While for patients in Europe–or those with the means to get there–PRRT had been an option for many years, trials of that radiation treatment had not yet begun in the US when Jane died. The successful completion of those trials in recent months should bring FDA approval shortly for an even better form of that therapy. Again, it doesn’t work for everyone–and is in no way a cure–but its impact on quality of life for many is significant.

Delaying tactics, not cures

Patients with other forms of cancer had tried liver embolization in 2010, but no NET patients had. Today, for those with liver mets, bland, chemo, and radiation embolization therapy have become fairly common–and fairly successful. But, again, not for everyone.

To patients and their families, none of those things is enough. Each improves quality of life. Each increases longterm survival. None of them represents a cure. Nor do the early returns on other therapies in the works.

Diagnostic dreams could fuel a cure

We do have one therapy that offers a chance of a cure: early surgery. But it is rare the tumors are found early enough for surgery to do anything more than what the other therapies do: extend life and improve the quality of that life. In 2010, we had no decent means of detecting the presence of the cancer before it reached an advanced stage.

Today, we are a little better. Jane’s tumors were invisible to every scan her doctors did before the tumors exploded into her liver. Within two years of her death, the PET octreoscan–using octreotide as a contrast agent–made many tumors more visible. Recently completed trials of the Gallium-68 scan are even better.

Dreams of a simple test

But for those tests to reveal the tumors, a primary care physician has to know enough about NET cancer to know to order those tests. What we really need is an inexpensive drug test that could become as routine as the test we use to check for prostate cancer. That kind of test would be a game-changer.

None of this offers any real solace to those fighting the disease at this moment. As Jill points out, the slow pace of getting an idea from the lab to every patient’s bedside is agonizing. But things are getting better.
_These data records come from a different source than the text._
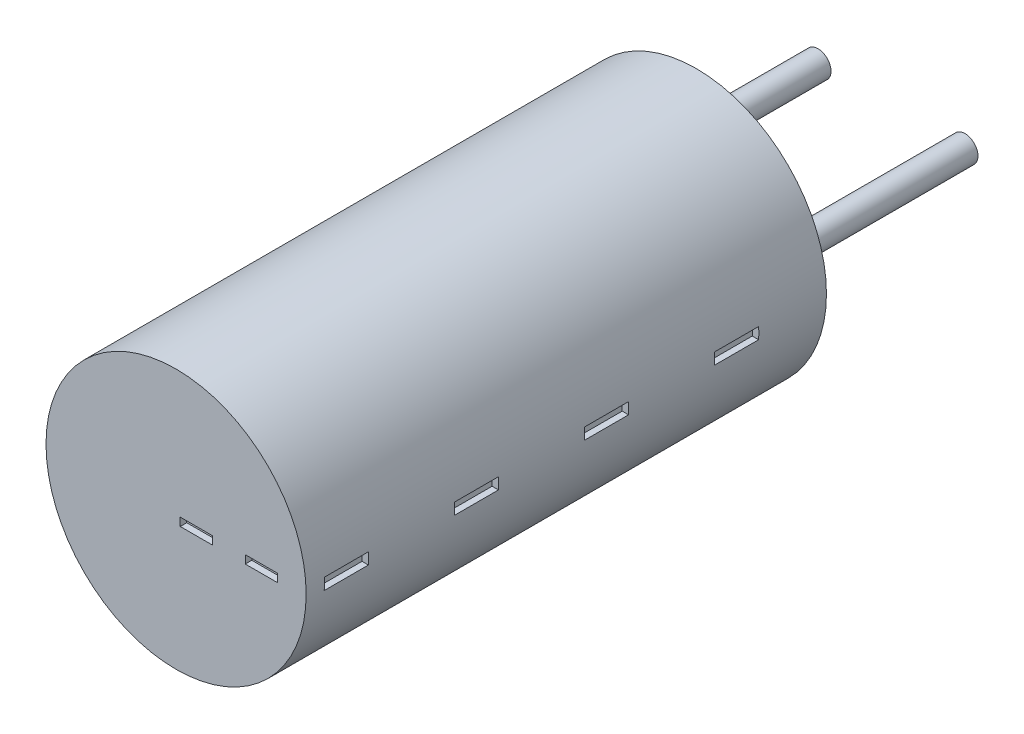
ISO-10303-21;
HEADER;
FILE_DESCRIPTION(('STEP AP214'),'2;1');
FILE_NAME('part.step','',(''),(''),'','','');
FILE_SCHEMA(('AUTOMOTIVE_DESIGN { 1 0 10303 214 1 1 1 1 }'));
ENDSEC;
DATA;
#1=APPLICATION_CONTEXT('core data for automotive mechanical design processes');
#2=APPLICATION_PROTOCOL_DEFINITION('international standard','automotive_design',2000,#1);
#3=PRODUCT_CONTEXT('',#1,'mechanical');
#4=PRODUCT('Part','Part','',(#3));
#5=PRODUCT_RELATED_PRODUCT_CATEGORY('part','',(#4));
#6=PRODUCT_DEFINITION_FORMATION('','',#4);
#7=PRODUCT_DEFINITION_CONTEXT('part definition',#1,'design');
#8=PRODUCT_DEFINITION('design','',#6,#7);
#9=PRODUCT_DEFINITION_SHAPE('','',#8);
#10=(LENGTH_UNIT() NAMED_UNIT(*) SI_UNIT(.MILLI.,.METRE.));
#11=(NAMED_UNIT(*) PLANE_ANGLE_UNIT() SI_UNIT($,.RADIAN.));
#12=(NAMED_UNIT(*) SI_UNIT($,.STERADIAN.) SOLID_ANGLE_UNIT());
#13=UNCERTAINTY_MEASURE_WITH_UNIT(LENGTH_MEASURE(1.E-05),#10,'distance_accuracy_value','');
#14=(GEOMETRIC_REPRESENTATION_CONTEXT(3) GLOBAL_UNCERTAINTY_ASSIGNED_CONTEXT((#13)) GLOBAL_UNIT_ASSIGNED_CONTEXT((#10,
#11,#12)) REPRESENTATION_CONTEXT('',''));
#15=CARTESIAN_POINT('',(0.,0.,0.));
#16=DIRECTION('',(0.,0.,1.));
#17=DIRECTION('',(1.,0.,0.));
#18=AXIS2_PLACEMENT_3D('',#15,#16,#17);
#19=CARTESIAN_POINT('',(0.,0.,0.));
#20=DIRECTION('',(0.,0.,1.));
#21=DIRECTION('',(1.,0.,0.));
#22=AXIS2_PLACEMENT_3D('',#19,#20,#21);
#23=PLANE('',#22);
#24=CARTESIAN_POINT('',(1.13,0.,0.));
#25=DIRECTION('',(0.,0.,1.));
#26=DIRECTION('',(1.,0.,0.));
#27=AXIS2_PLACEMENT_3D('',#24,#25,#26);
#28=CIRCLE('',#27,0.2);
#29=CARTESIAN_POINT('',(1.33,0.,0.));
#30=VERTEX_POINT('',#29);
#31=EDGE_CURVE('E434',#30,#30,#28,.F.);
#32=ORIENTED_EDGE('',*,*,#31,.F.);
#33=EDGE_LOOP('',(#32));
#34=FACE_BOUND('',#33,.T.);
#35=CARTESIAN_POINT('',(0.,0.,0.));
#36=DIRECTION('',(0.,0.,1.));
#37=DIRECTION('',(1.,0.,0.));
#38=AXIS2_PLACEMENT_3D('',#35,#36,#37);
#39=CIRCLE('',#38,2.);
#40=CARTESIAN_POINT('',(2.,0.,0.));
#41=VERTEX_POINT('',#40);
#42=EDGE_CURVE('E429',#41,#41,#39,.T.);
#43=ORIENTED_EDGE('',*,*,#42,.F.);
#44=EDGE_LOOP('',(#43));
#45=FACE_BOUND('',#44,.T.);
#46=CARTESIAN_POINT('',(-1.13,0.,0.));
#47=DIRECTION('',(0.,0.,1.));
#48=DIRECTION('',(1.,0.,0.));
#49=AXIS2_PLACEMENT_3D('',#46,#47,#48);
#50=CIRCLE('',#49,0.2);
#51=CARTESIAN_POINT('',(-0.929999999999999,0.,0.));
#52=VERTEX_POINT('',#51);
#53=EDGE_CURVE('E440',#52,#52,#50,.F.);
#54=ORIENTED_EDGE('',*,*,#53,.F.);
#55=EDGE_LOOP('',(#54));
#56=FACE_BOUND('',#55,.T.);
#57=ADVANCED_FACE('F39',(#34,#45,#56),#23,.F.);
#58=CARTESIAN_POINT('',(0.,0.,8.));
#59=DIRECTION('',(0.,0.,-1.));
#60=DIRECTION('',(-1.,0.,0.));
#61=AXIS2_PLACEMENT_3D('',#58,#59,#60);
#62=CYLINDRICAL_SURFACE('',#61,2.);
#63=CARTESIAN_POINT('',(0.,0.,1.72011761368307));
#64=DIRECTION('',(0.,0.,1.));
#65=DIRECTION('',(1.,0.,0.));
#66=AXIS2_PLACEMENT_3D('',#63,#64,#65);
#67=CIRCLE('',#66,2.);
#68=CARTESIAN_POINT('',(1.99793198999695,-0.0909272420500958,1.72011761368307));
#69=VERTEX_POINT('',#68);
#70=CARTESIAN_POINT('',(1.9981691255838,0.085557849223008,1.72011761368307));
#71=VERTEX_POINT('',#70);
#72=EDGE_CURVE('E489',#69,#71,#67,.T.);
#73=ORIENTED_EDGE('',*,*,#72,.T.);
#74=DIRECTION('',(0.,0.,-1.));
#75=VECTOR('',#74,1.);
#76=CARTESIAN_POINT('',(1.9981691255838,0.085557849223008,8.));
#77=LINE('',#76,#75);
#78=CARTESIAN_POINT('',(1.9981691255838,0.085557849223008,1.04065001228162));
#79=VERTEX_POINT('',#78);
#80=EDGE_CURVE('E11',#71,#79,#77,.T.);
#81=ORIENTED_EDGE('',*,*,#80,.T.);
#82=CARTESIAN_POINT('',(0.,0.,1.04065001228162));
#83=DIRECTION('',(0.,0.,-1.));
#84=DIRECTION('',(-1.,0.,0.));
#85=AXIS2_PLACEMENT_3D('',#82,#83,#84);
#86=CIRCLE('',#85,2.);
#87=CARTESIAN_POINT('',(1.99793198999695,-0.0909272420500958,1.04065001228162));
#88=VERTEX_POINT('',#87);
#89=EDGE_CURVE('E48',#79,#88,#86,.T.);
#90=ORIENTED_EDGE('',*,*,#89,.T.);
#91=DIRECTION('',(0.,0.,-1.));
#92=VECTOR('',#91,1.);
#93=CARTESIAN_POINT('',(1.99793198999695,-0.0909272420500958,8.));
#94=LINE('',#93,#92);
#95=EDGE_CURVE('E492',#88,#69,#94,.F.);
#96=ORIENTED_EDGE('',*,*,#95,.T.);
#97=EDGE_LOOP('',(#73,#81,#90,#96));
#98=FACE_BOUND('',#97,.T.);
#99=CARTESIAN_POINT('',(0.,0.,3.72011761368307));
#100=DIRECTION('',(0.,0.,1.));
#101=DIRECTION('',(1.,0.,0.));
#102=AXIS2_PLACEMENT_3D('',#99,#100,#101);
#103=CIRCLE('',#102,2.);
#104=CARTESIAN_POINT('',(1.99793198999695,-0.0909272420500958,3.72011761368307));
#105=VERTEX_POINT('',#104);
#106=CARTESIAN_POINT('',(1.9981691255838,0.085557849223008,3.72011761368307));
#107=VERTEX_POINT('',#106);
#108=EDGE_CURVE('E474',#105,#107,#103,.T.);
#109=ORIENTED_EDGE('',*,*,#108,.T.);
#110=DIRECTION('',(0.,0.,-1.));
#111=VECTOR('',#110,1.);
#112=CARTESIAN_POINT('',(1.9981691255838,0.085557849223008,8.));
#113=LINE('',#112,#111);
#114=CARTESIAN_POINT('',(1.9981691255838,0.085557849223008,3.04065001228162));
#115=VERTEX_POINT('',#114);
#116=EDGE_CURVE('E485',#107,#115,#113,.T.);
#117=ORIENTED_EDGE('',*,*,#116,.T.);
#118=CARTESIAN_POINT('',(0.,0.,3.04065001228162));
#119=DIRECTION('',(0.,0.,-1.));
#120=DIRECTION('',(-1.,0.,0.));
#121=AXIS2_PLACEMENT_3D('',#118,#119,#120);
#122=CIRCLE('',#121,2.);
#123=CARTESIAN_POINT('',(1.99793198999695,-0.0909272420500958,3.04065001228162));
#124=VERTEX_POINT('',#123);
#125=EDGE_CURVE('E481',#115,#124,#122,.T.);
#126=ORIENTED_EDGE('',*,*,#125,.T.);
#127=DIRECTION('',(0.,0.,-1.));
#128=VECTOR('',#127,1.);
#129=CARTESIAN_POINT('',(1.99793198999695,-0.0909272420500958,8.));
#130=LINE('',#129,#128);
#131=EDGE_CURVE('E477',#124,#105,#130,.F.);
#132=ORIENTED_EDGE('',*,*,#131,.T.);
#133=EDGE_LOOP('',(#109,#117,#126,#132));
#134=FACE_BOUND('',#133,.T.);
#135=CARTESIAN_POINT('',(0.,0.,5.72011761368307));
#136=DIRECTION('',(0.,0.,1.));
#137=DIRECTION('',(1.,0.,0.));
#138=AXIS2_PLACEMENT_3D('',#135,#136,#137);
#139=CIRCLE('',#138,2.);
#140=CARTESIAN_POINT('',(1.99793198999695,-0.0909272420500958,5.72011761368307));
#141=VERTEX_POINT('',#140);
#142=CARTESIAN_POINT('',(1.9981691255838,0.085557849223008,5.72011761368307));
#143=VERTEX_POINT('',#142);
#144=EDGE_CURVE('E459',#141,#143,#139,.T.);
#145=ORIENTED_EDGE('',*,*,#144,.T.);
#146=DIRECTION('',(0.,0.,-1.));
#147=VECTOR('',#146,1.);
#148=CARTESIAN_POINT('',(1.9981691255838,0.085557849223008,8.));
#149=LINE('',#148,#147);
#150=CARTESIAN_POINT('',(1.9981691255838,0.085557849223008,5.04065001228162));
#151=VERTEX_POINT('',#150);
#152=EDGE_CURVE('E470',#143,#151,#149,.T.);
#153=ORIENTED_EDGE('',*,*,#152,.T.);
#154=CARTESIAN_POINT('',(0.,0.,5.04065001228162));
#155=DIRECTION('',(0.,0.,-1.));
#156=DIRECTION('',(-1.,0.,0.));
#157=AXIS2_PLACEMENT_3D('',#154,#155,#156);
#158=CIRCLE('',#157,2.);
#159=CARTESIAN_POINT('',(1.99793198999695,-0.0909272420500958,5.04065001228162));
#160=VERTEX_POINT('',#159);
#161=EDGE_CURVE('E466',#151,#160,#158,.T.);
#162=ORIENTED_EDGE('',*,*,#161,.T.);
#163=DIRECTION('',(0.,0.,-1.));
#164=VECTOR('',#163,1.);
#165=CARTESIAN_POINT('',(1.99793198999695,-0.0909272420500958,8.));
#166=LINE('',#165,#164);
#167=EDGE_CURVE('E462',#160,#141,#166,.F.);
#168=ORIENTED_EDGE('',*,*,#167,.T.);
#169=EDGE_LOOP('',(#145,#153,#162,#168));
#170=FACE_BOUND('',#169,.T.);
#171=CARTESIAN_POINT('',(0.,0.,7.72011761368307));
#172=DIRECTION('',(0.,0.,1.));
#173=DIRECTION('',(1.,0.,0.));
#174=AXIS2_PLACEMENT_3D('',#171,#172,#173);
#175=CIRCLE('',#174,2.);
#176=CARTESIAN_POINT('',(1.99793198999695,-0.0909272420500958,7.72011761368307));
#177=VERTEX_POINT('',#176);
#178=CARTESIAN_POINT('',(1.9981691255838,0.085557849223008,7.72011761368307));
#179=VERTEX_POINT('',#178);
#180=EDGE_CURVE('E448',#177,#179,#175,.T.);
#181=ORIENTED_EDGE('',*,*,#180,.T.);
#182=DIRECTION('',(0.,0.,-1.));
#183=VECTOR('',#182,1.);
#184=CARTESIAN_POINT('',(1.9981691255838,0.085557849223008,8.));
#185=LINE('',#184,#183);
#186=CARTESIAN_POINT('',(1.9981691255838,0.085557849223008,7.04065001228162));
#187=VERTEX_POINT('',#186);
#188=EDGE_CURVE('E455',#179,#187,#185,.T.);
#189=ORIENTED_EDGE('',*,*,#188,.T.);
#190=CARTESIAN_POINT('',(0.,0.,7.04065001228162));
#191=DIRECTION('',(0.,0.,-1.));
#192=DIRECTION('',(-1.,0.,0.));
#193=AXIS2_PLACEMENT_3D('',#190,#191,#192);
#194=CIRCLE('',#193,2.);
#195=CARTESIAN_POINT('',(1.99793198999695,-0.0909272420500958,7.04065001228162));
#196=VERTEX_POINT('',#195);
#197=EDGE_CURVE('E444',#187,#196,#194,.T.);
#198=ORIENTED_EDGE('',*,*,#197,.T.);
#199=DIRECTION('',(0.,0.,-1.));
#200=VECTOR('',#199,1.);
#201=CARTESIAN_POINT('',(1.99793198999695,-0.0909272420500958,8.));
#202=LINE('',#201,#200);
#203=EDGE_CURVE('E451',#196,#177,#202,.F.);
#204=ORIENTED_EDGE('',*,*,#203,.T.);
#205=EDGE_LOOP('',(#181,#189,#198,#204));
#206=FACE_BOUND('',#205,.T.);
#207=CARTESIAN_POINT('',(0.,0.,8.));
#208=DIRECTION('',(0.,0.,1.));
#209=DIRECTION('',(1.,0.,0.));
#210=AXIS2_PLACEMENT_3D('',#207,#208,#209);
#211=CIRCLE('',#210,2.);
#212=CARTESIAN_POINT('',(2.,0.,8.));
#213=VERTEX_POINT('',#212);
#214=EDGE_CURVE('E430',#213,#213,#211,.T.);
#215=ORIENTED_EDGE('',*,*,#214,.F.);
#216=EDGE_LOOP('',(#215));
#217=FACE_BOUND('',#216,.T.);
#218=ORIENTED_EDGE('',*,*,#42,.T.);
#219=EDGE_LOOP('',(#218));
#220=FACE_BOUND('',#219,.T.);
#221=ADVANCED_FACE('F41',(#98,#134,#170,#206,#217,#220),#62,.T.);
#222=CARTESIAN_POINT('',(0.,0.,8.));
#223=DIRECTION('',(0.,0.,1.));
#224=DIRECTION('',(1.,0.,0.));
#225=AXIS2_PLACEMENT_3D('',#222,#223,#224);
#226=PLANE('',#225);
#227=DIRECTION('',(-1.,0.,0.));
#228=VECTOR('',#227,1.);
#229=CARTESIAN_POINT('',(1.06402405221597,0.0598666533728206,8.));
#230=LINE('',#229,#228);
#231=CARTESIAN_POINT('',(1.55933302559761,0.0598666533728206,8.));
#232=VERTEX_POINT('',#231);
#233=CARTESIAN_POINT('',(1.06402405221597,0.0598666533728206,8.));
#234=VERTEX_POINT('',#233);
#235=EDGE_CURVE('E55',#232,#234,#230,.T.);
#236=ORIENTED_EDGE('',*,*,#235,.F.);
#237=DIRECTION('',(0.,1.,0.));
#238=VECTOR('',#237,1.);
#239=CARTESIAN_POINT('',(1.55933302559761,0.0598666533728206,8.));
#240=LINE('',#239,#238);
#241=CARTESIAN_POINT('',(1.55933302559761,-0.0652113702084008,8.));
#242=VERTEX_POINT('',#241);
#243=EDGE_CURVE('E224',#242,#232,#240,.T.);
#244=ORIENTED_EDGE('',*,*,#243,.F.);
#245=DIRECTION('',(1.,0.,0.));
#246=VECTOR('',#245,1.);
#247=CARTESIAN_POINT('',(1.06402405221597,-0.0652113702084008,8.));
#248=LINE('',#247,#246);
#249=CARTESIAN_POINT('',(1.06402405221597,-0.0652113702084008,8.));
#250=VERTEX_POINT('',#249);
#251=EDGE_CURVE('E230',#250,#242,#248,.T.);
#252=ORIENTED_EDGE('',*,*,#251,.F.);
#253=DIRECTION('',(0.,-1.,0.));
#254=VECTOR('',#253,1.);
#255=CARTESIAN_POINT('',(1.06402405221597,0.0598666533728206,8.));
#256=LINE('',#255,#254);
#257=EDGE_CURVE('E239',#234,#250,#256,.T.);
#258=ORIENTED_EDGE('',*,*,#257,.F.);
#259=EDGE_LOOP('',(#236,#244,#252,#258));
#260=FACE_BOUND('',#259,.T.);
#261=DIRECTION('',(0.,-1.,0.));
#262=VECTOR('',#261,1.);
#263=CARTESIAN_POINT('',(0.0640240522159683,0.0598666533728206,8.));
#264=LINE('',#263,#262);
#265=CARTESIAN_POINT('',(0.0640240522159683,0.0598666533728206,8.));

There is far more in the pipeline than there was in 2010. And every slowing of disease progression buys time for patients to get to that next treatment.

Tomorrow is coming

But there needs to be more. That can’t happen without more doctors, more researchers, more lab space, and more NET cancer centers–all of which requires more resources than we have now.

Tomorrow, we’ll look at what resources we had compared to what we have now. Things are better than they were in 2010–but not as good as they need to be.

One of my dreams is that some day no one will place a stone like this in their garden in memory of someone who died of NET cancer.
One of my dreams is that some day no one will place a stone like this in their garden in memory of someone who died of NET cancer.